Burnouts are a firefighting strategy where an area is intentionally burned along a containment line, so when the wildfire hits, there are no fuels to burn and it can’t spread.

Firefighters reached 30% containment, mostly along the fire’s southern edge at South Mineral Creek Road. Avalanche chutes and burnout operations are being used to contain the fire at its western and eastern flanks, Pietruszka said.

The Ice Fire is not expected to spread to the north because the terrain runs into rocky peaks with no vegetation.
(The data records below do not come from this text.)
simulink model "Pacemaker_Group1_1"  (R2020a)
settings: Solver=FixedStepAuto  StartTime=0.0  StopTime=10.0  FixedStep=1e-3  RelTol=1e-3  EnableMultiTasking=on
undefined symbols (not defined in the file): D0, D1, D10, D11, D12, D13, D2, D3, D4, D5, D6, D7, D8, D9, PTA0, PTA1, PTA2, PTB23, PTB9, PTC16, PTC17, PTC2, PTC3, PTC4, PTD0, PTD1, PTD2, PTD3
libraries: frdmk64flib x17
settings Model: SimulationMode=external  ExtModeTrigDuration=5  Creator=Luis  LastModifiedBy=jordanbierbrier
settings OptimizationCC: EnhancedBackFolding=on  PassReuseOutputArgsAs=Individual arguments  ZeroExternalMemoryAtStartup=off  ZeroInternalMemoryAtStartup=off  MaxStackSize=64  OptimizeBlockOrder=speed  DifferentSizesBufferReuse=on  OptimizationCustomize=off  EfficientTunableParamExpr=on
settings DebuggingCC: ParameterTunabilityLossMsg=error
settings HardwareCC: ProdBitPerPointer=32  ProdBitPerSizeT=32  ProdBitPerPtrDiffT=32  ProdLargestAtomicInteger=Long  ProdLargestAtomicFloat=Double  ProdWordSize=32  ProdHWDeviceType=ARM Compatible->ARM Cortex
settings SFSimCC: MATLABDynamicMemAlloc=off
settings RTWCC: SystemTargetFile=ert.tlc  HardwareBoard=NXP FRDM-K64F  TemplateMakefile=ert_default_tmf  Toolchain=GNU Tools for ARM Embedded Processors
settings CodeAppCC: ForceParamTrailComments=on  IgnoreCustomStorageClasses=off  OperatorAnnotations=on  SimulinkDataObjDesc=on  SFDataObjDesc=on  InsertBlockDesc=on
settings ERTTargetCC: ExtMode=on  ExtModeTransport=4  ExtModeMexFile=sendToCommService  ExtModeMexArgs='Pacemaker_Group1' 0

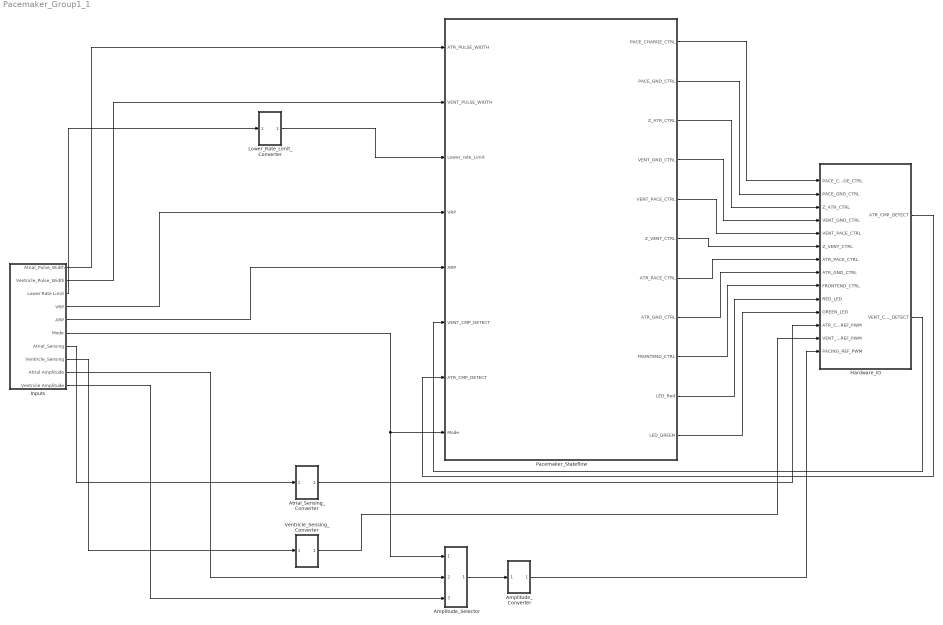
== system Pacemaker_Group1_1 ==
  Amplitude_Converter : Subsystem
  Amplitude_Selector : Subsystem
  Atrial_Sensing_Converter : Subsystem
  Hardware_IO : Subsystem
  Inputs : Subsystem
  Lower_Rate_Limit_Converter : Subsystem
  "Pacemaker_Stateflow " : Stateflow chart  TreatAsAtomicUnit=on
      settings: PortSchema="{\"entries\":[{\"content\":{\"sides\":[{\"content\":{\"connectorIds\":[\"In1\",\"In4\",\"In2\",\"In5\",\"In6\",\"In7\",\"In8\",\"In3\"]},\"type\":\"ConnectorPlacement.EquallySpacedRectSide\",\"uuid\":\"f97b12ff-cb00-4386-a373-7143c3a8b48d\"},{\"content\":{\"connectorIds\":[\"Out1\",\"Out2\",\"Out3\",\"Out4\",\"Out5\",\"Out6\",\"Out7\",\"Out8\",\"Out9\",\"Out10\",\"Out11\"],\"side\":\"RIGHT\"},\"type\":\"ConnectorPlacement.EquallySpacedRectSide\",\"uuid\":\"90163773-f9d1-46de-bd72-9589b8539202\"},{\"content\":{\"connectorIds\":[],\"side\":\"TOP\"},\"type\":\"ConnectorPlacement.EquallySpacedRectSide\",\"uuid\":\"f8a54119-a7c4-4071-8260-df405210e670\"},{\"content\":{\"connectorIds\":[],\"side\":\"BOTTOM\"},\"type\":\"ConnectorPlacement.EquallySpacedRectSide\",\"uuid\":\"70f9d800-d0b8-46e1-812e-9f4712f7acbd\"}]},\"type\":\"ConnectorPlacement.EquallySpacedConnector\",\"uuid\":\"47f7c40c-c42b-42f7-beed-99d299c6cdee\"}],\"packageUris\":[\"http://schema.mathworks.com/mf0/Connector/19700101\"],\"version\":\"1.0\"}"
  Ventricle_Sensing_Converter : Subsystem
  wires:
  Lower_Rate_Limit_Converter/1(Out1) -> "Pacemaker_Stateflow "/2(Lower_rate_Limit)
  Amplitude_Selector/1(Out1) -> Amplitude_Converter/1(In1)
  "Pacemaker_Stateflow "/1(PACE_CHARGE_CTRL) -> Hardware_IO/1(PACE_CHARGE_CTRL)
  "Pacemaker_Stateflow "/2(PACE_GND_CTRL) -> Hardware_IO/2(PACE_GND_CTRL)
  "Pacemaker_Stateflow "/3(Z_ATR_CTRL) -> Hardware_IO/3(Z_ATR_CTRL)
  "Pacemaker_Stateflow "/4(VENT_GND_CTRL) -> Hardware_IO/4(VENT_GND_CTRL)
  "Pacemaker_Stateflow "/5(VENT_PACE_CTRL) -> Hardware_IO/5(VENT_PACE_CTRL)
  "Pacemaker_Stateflow "/6(Z_VENT_CTRL) -> Hardware_IO/6(Z_VENT_CTRL)
  "Pacemaker_Stateflow "/7(ATR_PACE_CTRL) -> Hardware_IO/7(ATR_PACE_CTRL)
  "Pacemaker_Stateflow "/8(ATR_GND_CTRL) -> Hardware_IO/8(ATR_GND_CTRL)
  "Pacemaker_Stateflow "/9(FRONTEND_CTRL) -> Hardware_IO/9(FRONTEND_CTRL)
  "Pacemaker_Stateflow "/10(LED_Red) -> Hardware_IO/10(RED_LED)
  "Pacemaker_Stateflow "/11(LED_GREEN) -> Hardware_IO/11(GREEN_LED)
  Ventricle_Sensing_Converter/1(Out1) -> Hardware_IO/13(VENT_CMP_REF_PWM)
  Amplitude_Converter/1(Out1) -> Hardware_IO/14(PACING_REF_PWM)
  Hardware_IO/1(ATR_CMP_DETECT) -> "Pacemaker_Stateflow "/8(ATR_CMP_DETECT)
  Hardware_IO/2(VENT_CMP_DETECT) -> "Pacemaker_Stateflow "/7(VENT_CMP_DETECT)
  Atrial_Sensing_Converter/1(Out1) -> Hardware_IO/12(ATR_CMP_REF_PWM)
  Inputs/6(Mode) -> Amplitude_Selector/1(In1), "Pacemaker_Stateflow "/3(Mode)
  Inputs/1(Atrial_Pulse_Width) -> "Pacemaker_Stateflow "/1(ATR_PULSE_WIDTH)
  Inputs/2(Ventricle_Pulse_Width) -> "Pacemaker_Stateflow "/4(VENT_PULSE_WIDTH)
  Inputs/3(Lower Rate Limit) -> Lower_Rate_Limit_Converter/1(In1)
  Inputs/4(VRP) -> "Pacemaker_Stateflow "/5(VRP)
  Inputs/5(ARP) -> "Pacemaker_Stateflow "/6(ARP)
  Inputs/7(Atrial_Sensing) -> Atrial_Sensing_Converter/1(In1)
  Inputs/8(Ventricle_Sensing) -> Ventricle_Sensing_Converter/1(In1)
  Inputs/9(Atrial Amplitude) -> Amplitude_Selector/2(In2)
  Inputs/10(Ventricle Amplitude) -> Amplitude_Selector/3(In3)

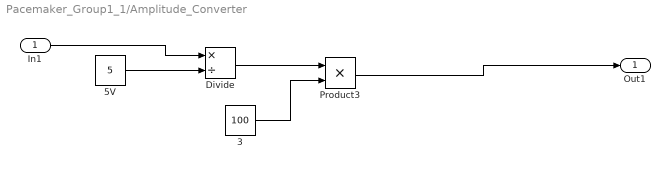
== system Pacemaker_Group1_1/Amplitude_Converter ==
  In1 : Inport
  3 : Constant  Value=100  OutDataTypeStr=double
  5V : Constant  Value=5  OutDataTypeStr=double
  Divide : Product  Inputs=*/  OutDataTypeStr=double  RndMeth=Nearest
  Product3 : Product  OutDataTypeStr=double
  Out1 : Outport
  wires:
  Product3/1 -> Out1/1
  3/1 -> Product3/2
  In1/1 -> Divide/1
  Divide/1 -> Product3/1
  5V/1 -> Divide/2

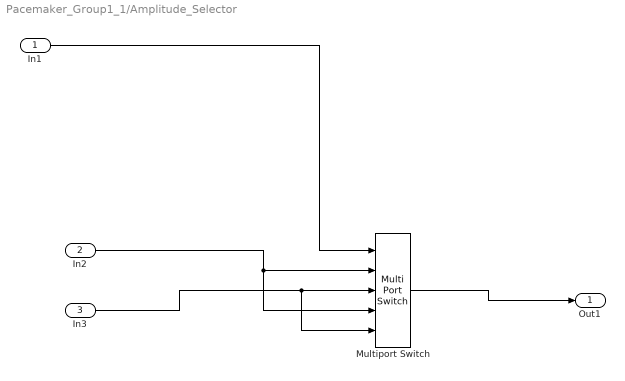
== system Pacemaker_Group1_1/Amplitude_Selector ==
  In1 : Inport
  In2 : Inport  Port=2
  In3 : Inport  Port=3
  Multiport Switch : MultiPortSwitch  DataPortOrder=Zero-based contiguous  Inputs=4  zeroidx=on  OutDataTypeStr=double
  Out1 : Outport
  wires:
  Multiport Switch/1 -> Out1/1
  In3/1 -> Multiport Switch/5, Multiport Switch/3
  In1/1 -> Multiport Switch/1
  In2/1 -> Multiport Switch/4, Multiport Switch/2

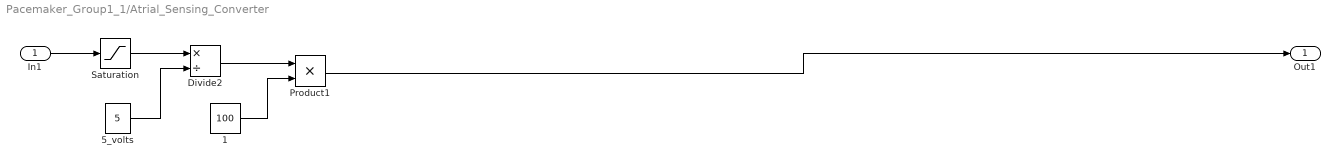
== system Pacemaker_Group1_1/Atrial_Sensing_Converter ==
  In1 : Inport
  1 : Constant  Value=100  OutDataTypeStr=uint16
  5_volts : Constant  Value=5  OutDataTypeStr=double
  Divide2 : Product  Inputs=*/
  Product1 : Product  OutDataTypeStr=uint16
  Saturation : Saturate  UpperLimit=4  LowerLimit=0.65  LinearizeAsGain=off  OutDataTypeStr=double
  Out1 : Outport
  wires:
  Product1/1 -> Out1/1
  1/1 -> Product1/2
  Divide2/1 -> Product1/1
  5_volts/1 -> Divide2/2
  In1/1 -> Saturation/1
  Saturation/1 -> Divide2/1

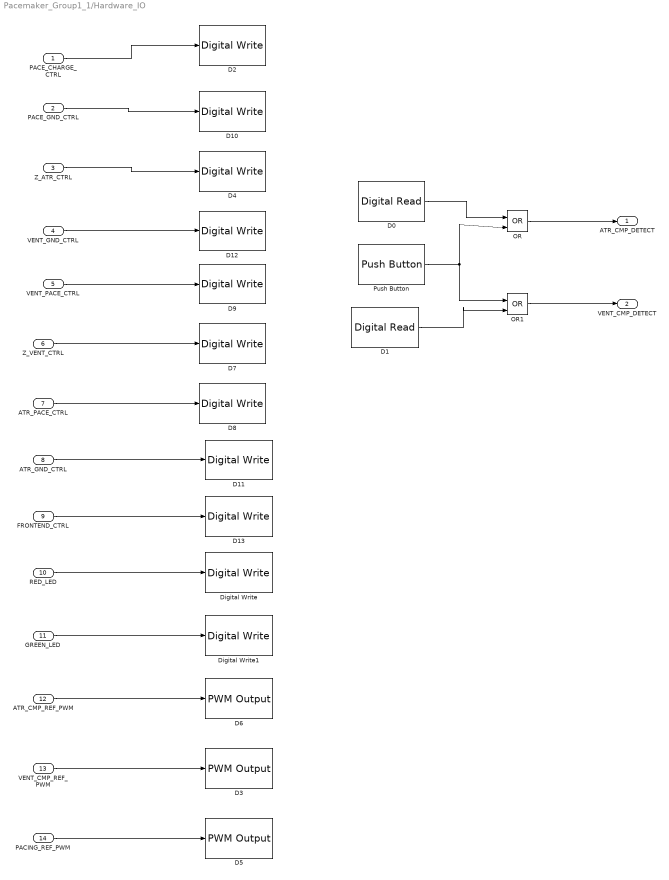
== system Pacemaker_Group1_1/Hardware_IO ==
  PACE_CHARGE_CTRL : Inport
  PACE_GND_CTRL : Inport  Port=2
  Z_ATR_CTRL : Inport  Port=3
  VENT_GND_CTRL : Inport  Port=4
  VENT_PACE_CTRL : Inport  Port=5
  Z_VENT_CTRL : Inport  Port=6
  ATR_PACE_CTRL : Inport  Port=7
  ATR_GND_CTRL : Inport  Port=8
  FRONTEND_CTRL : Inport  Port=9
  RED_LED : Inport  Port=10
  GREEN_LED : Inport  Port=11
  ATR_CMP_REF_PWM : Inport  Port=12
  VENT_CMP_REF_PWM : Inport  Port=13
  PACING_REF_PWM : Inport  Port=14
  D0 : frdmk64flib/Digital Read  Whichpin=PTC16 (D0)  SampleTime=-1
  D1 : frdmk64flib/Digital Read  Whichpin=PTC17 (D1)  SampleTime=-1
  D10 : frdmk64flib/Digital Write  Whichpin=PTD0 (D10)
  D11 : frdmk64flib/Digital Write  Whichpin=PTD2 (D11)
  D12 : frdmk64flib/Digital Write  Whichpin=PTD3 (D12)
  D13 : frdmk64flib/Digital Write  Whichpin=PTD1 (D13)
  D2 : frdmk64flib/Digital Write  Whichpin=PTB9 (D2)
  D3 : frdmk64flib/PWM Output  Whichpin=PTA1 (D3)  InitialFrequency=2000  InitialDutyCycle=0
  D4 : frdmk64flib/Digital Write  Whichpin=PTB23 (D4)
  D5 : frdmk64flib/PWM Output  Whichpin=PTA2 (D5)  InitialFrequency=2000  InitialDutyCycle=0
  D6 : frdmk64flib/PWM Output  Whichpin=PTC2 (D6)  InitialFrequency=2000  InitialDutyCycle=0
  D7 : frdmk64flib/Digital Write  Whichpin=PTC3 (D7)
  D8 : frdmk64flib/Digital Write  Whichpin=PTA0 (D8)
  D9 : frdmk64flib/Digital Write  Whichpin=PTC4 (D9)
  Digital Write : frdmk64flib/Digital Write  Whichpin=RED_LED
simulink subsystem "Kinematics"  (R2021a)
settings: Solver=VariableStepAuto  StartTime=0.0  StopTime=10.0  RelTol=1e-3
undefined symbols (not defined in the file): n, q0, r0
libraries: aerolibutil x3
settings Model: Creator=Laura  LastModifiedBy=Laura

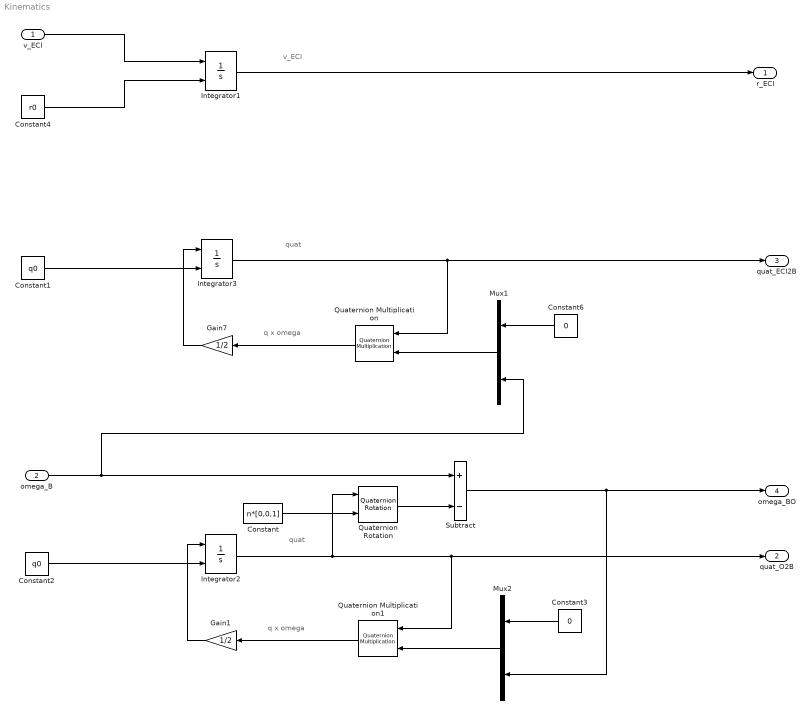
== system Kinematics ==
  note: v_ECI
  note: quat
  note: q x omega
  note: quat
  note: q x omega
  v_ECI : Inport
  omega_B : Inport  Port=2
  Constant : Constant  Value=n*[0,0,1]
  Constant1 : Constant  Value=q0
  Constant2 : Constant  Value=q0
  Constant3 : Constant  Value=0
  Constant4 : Constant  Value=r0
  Constant6 : Constant  Value=0
  Gain1 : Gain  Gain=1/2
  Gain7 : Gain  Gain=1/2
  Integrator1 : Integrator  InitialConditionSource=external
  Integrator2 : Integrator  InitialConditionSource=external
  Integrator3 : Integrator  InitialConditionSource=external
  Mux1 : Mux  Inputs=2
  Mux2 : Mux  Inputs=2
  Quaternion Multiplication : aerolibutil/Quaternion Multiplication
  Quaternion Multiplication1 : aerolibutil/Quaternion Multiplication
  Quaternion Rotation : aerolibutil/Quaternion Rotation
  Subtract : Sum  Inputs=+-
  r_ECI : Outport
  quat_O2B : Outport  Port=2
  quat_ECI2B : Outport  Port=3
  omega_BO : Outport  Port=4
  wires:
  Integrator3/1 -> Quaternion Multiplication/1, quat_ECI2B/1
  Mux1/1 -> Quaternion Multiplication/2
  Integrator1/1 -> r_ECI/1
  Gain7/1 -> Integrator3/1
  Constant4/1 -> Integrator1/2
  Constant6/1 -> Mux1/1
  Constant1/1 -> Integrator3/2
  Quaternion Multiplication/1 -> Gain7/1
  v_ECI/1 -> Integrator1/1
  Mux2/1 -> Quaternion Multiplication1/2
  Gain1/1 -> Integrator2/1
  Constant3/1 -> Mux2/1
  Quaternion Multiplication1/1 -> Gain1/1
  Constant2/1 -> Integrator2/2
  omega_B/1 -> Mux1/2, Subtract/1
  Quaternion Rotation/1 -> Subtract/2
  Constant/1 -> Quaternion Rotation/2
  Subtract/1 -> omega_BO/1, Mux2/2
  Integrator2/1 -> Quaternion Multiplication1/1, quat_O2B/1, Quaternion Rotation/1

So far, the fire has petered out once reaching grasses above tree line, Lyon said.

While suppression efforts so far have been successful, high winds are again in the forecast for Friday, which have the potential of causing the Ice Fire to increase in size.

Luckily, humidity and cold temperatures at night are setting up conditions during the day that aren’t resulting in uncontrollable fire spread.

“A little bit of humidity increase can make a big difference,” Lyon said.

The good news, Lyon said, is that precipitation, most likely snow, is in the forecast for Sunday, which could stall the fire.

“It’s not out, it’s not over, but the closer we get to the moisture this weekend, the better we’re feeling,” he said.

Lyon said the cause of the fire remains unknown and under investigation.

No evacuation orders have been issued for the town of Silverton, but emergency management officials are encouraging residents to be alert of the situation should the fire take a turn for the worse.

“2020 still has some challenges to present our community,” said San Juan County Sheriff Bruce Conrad. “We’re feeling pretty positive about where things are going.”

An air-quality health advisory for wildfire smoke is in effect for San Juan County until 9 a.m. Friday.

Fire danger has remained high throughout the summer in Southwest Colorado, and Stage 1 fire restrictions remain in place in the San Juan National Forest, which prohibit campfires and smoking in certain outdoor areas.

The Forest Service asks the public to not stop on the highway to take pictures or fly drones, which force aerial attack aircraft to divert from an area. All public lands that border Mineral Creek are closed to the public.